Object tracking is the process by which computers detect and track objects in still images or videos. It is one of the most common applications of computer vision. The first attempts at object detection relied on template matching techniques and statistical models. These approaches, however, are incapable of fully exploiting the extremely large data volume and dealing with infinite variations in objects.
A lot of progress has been made in machine learning for detecting and classifying objects in an image in real time. However, none of these algorithms considers time and continuity. Every time an obstacle is detected, these algorithms assume it is a new obstacle. There is no notion of tracking objects across frames.
Numerous researches have been conducted using and proposing novel architectures and methods in computer vision. These methods are, in many cases, developed by researchers and academia, further proving the importance of computer vision in the actual research overview.

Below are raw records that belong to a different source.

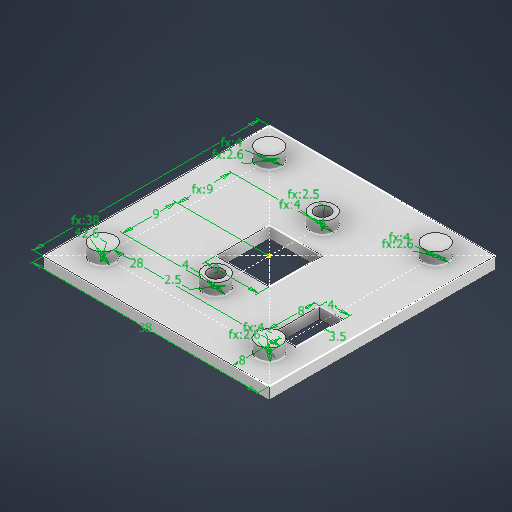
# Autodesk Inventor part: CameraMount
Saved by Autodesk Inventor 2025.1 (Build 291241000, 241)
## iProperties
Created: 2024-11-09
Part Number: CameraMount
Material: Generic
Document SubType Name: Modeling
Designer: jerem
Density: 1 g/cm^3
Appearance: Default
Author: jerem
## iProperties of the stored document CameraMount_3DPrint.ipt
Created: 2024-11-09
Part Number: CameraMount_3DPrint
Material: Generic
Document SubType Name: Modeling
Designer: jerem
Density: 1 g/cm^3
Appearance: Default
Author: jerem
Autodesk Inventor part; units mm, degrees
ref_plane "YZ Plane" through (0, 0, 0) normal (1, 0, 0) x (0, 1, 0)
ref_plane "XZ Plane" through (0, 0, 0) normal (0, 1, 0) x (-1, 0, 0)
ref_plane "XY Plane" through (0, 0, 0) normal (0, 0, 1) x (1, 0, 0)
sketch "Sketch1" plane through (0, 0, 0) normal (0, 1, 0) x (-1, 0, 0)
  line L0 (-19, -19) -> (19, -19)
  line L1 (19, -19) -> (19, 19)
  line L2 (19, 19) -> (-19, 19)
  line L3 (-19, 19) -> (-19, -19)
  line L4 (-19, -19) -> (19, 19) construction
  line L5 (19, -19) -> (-19, 19) construction
  line L6 (4.5, -4.5) -> (-4.5, -4.5)
  line L7 (-4.5, -4.5) -> (-4.5, 4.5)
  line L8 (-4.5, 4.5) -> (4.5, 4.5)
  line L9 (4.5, 4.5) -> (4.5, -4.5)
  line L10 (4.5, -4.5) -> (-4.5, 4.5) construction
  line L11 (-4.5, -4.5) -> (4.5, 4.5) construction
  circle A0 centre (14, 14) radius 1.3
  circle A1 centre (0, 9) radius 1.25
  circle A2 centre (-14, 14) radius 1.3
  circle A3 centre (0, -9) radius 1.25
  line L12 (0, 0) -> (0, 9) construction
  line L13 (0, -9) -> (0, 0) construction
  circle A4 centre (14, -14) radius 1.3
  circle A5 centre (-14, -14) radius 1.3
  line L14 (14, 14) -> (14, -14) construction
  line L15 (14, 14) -> (-14, 14) construction
  line L16 (-14, 14) -> (-14, -14) construction
  circle A6 centre (0, -9) radius 2
  circle A7 centre (0, 9) radius 2
  circle A8 centre (14, 14) radius 2
  circle A9 centre (-14, 14) radius 2
  circle A10 centre (-14, -14) radius 2
  circle A11 centre (14, -14) radius 2
  line L17 (-11.5, 3) -> (-15.5, 3)
  line L18 (-15.5, 3) -> (-15.5, 11)
  line L19 (-15.5, 11) -> (-11.5, 11)
  line L20 (-11.5, 11) -> (-11.5, 3)
  point P0 (0, 0)
  dimension "d0" = 38
  dimension "d1" = 38
  dimension "d2" = 9
  dimension "d3" = 2.5
  dimension "d4" = 2.5
  dimension "d5" = 9
  dimension "d6" = 9
  dimension "d7" = 2.6
  dimension "d8" = 2.6
  dimension "d9" = 2.6
  dimension "d10" = 2.6
  dimension "d11" = 28
  dimension "d14" = 4
  dimension "d15" = 4
  dimension "d16" = 4
  dimension "d17" = 4
  dimension "d18" = 4
  dimension "d19" = 4
  dimension "d20" = 8
  dimension "d21" = 4
  dimension "d22" = 8
  dimension "d23" = 3.5
  constraints: 43 end point, 12 centre point, 7 coincident, 6 parallel, 5 point on line, 4 horizontal, 4 midpoint, 4 vertical, 3 perpendicular
  measures "d0" distance of L3.start L4.end
  measures "d1" distance of L0.end L4.end
  measures "d2" distance of L7.end L8.end
  measures "d3" diameter of A1
  measures "d4" diameter of A3
  measures "d5" distance of L13.end L13.start
  measures "d6" distance of L13.end L12.end
  measures "d7" diameter of A0
  measures "d8" diameter of A4
  measures "d9" diameter of A2
  measures "d10" diameter of A5
  measures "d11" distance of L15.start L16.start
  measures "d14" diameter of A6
  measures "d15" diameter of A7
  measures "d16" diameter of A8
  measures "d17" diameter of A9
  measures "d18" diameter of A10
  measures "d19" diameter of A11
  measures "d20" distance of L19.end L17.start
  measures "d21" distance of L17.start L17.end
  measures "d22" distance between parallel lines of L2 L19
  measures "d23" distance between parallel lines of L3 L18
extrude "Extrusion1" add sketch "Sketch1" against normal blind 2 contours L3 L2 L1 L0 | A0 | A2 | A4 | A5 | A6 | A7 | A8 | A9 | A10 | A11
extrude "Extrusion2" add sketch "Sketch1" along normal blind 2 contours A0 | A2 | A4 | A5 | A6 | A7 | A8 | A9 | A10 | A11
equation "\"d1\" = d0"
equation "\"d4\" = d3"
equation "\"d5\" = d6"
equation "\"d8\" = d7"
equation "\"d9\" = d7"
equation "\"d10\" = d7"
equation "\"d14\" = d15"
equation "\"d17\" = d16"
equation "\"d18\" = d16"
equation "\"d19\" = d16"
body "Solid1"

In this post, we will analyze the evolution of object tracking techniques and we’ll go through the current SOTA object tracking algorithms that use deep learning methods (i.e., DeepSORT and ByteTrack).
Object Tracking, Defined
Object tracking is the process of tracking an object through different frames in such a way that its position and direction are known throughout the sequence. As a result, the tracking task includes two major sub-tasks: object detection and object re-identification between frames. These two allow us to determine the exact position of the various objects in an image and the path they have taken in the field of view represented by the images.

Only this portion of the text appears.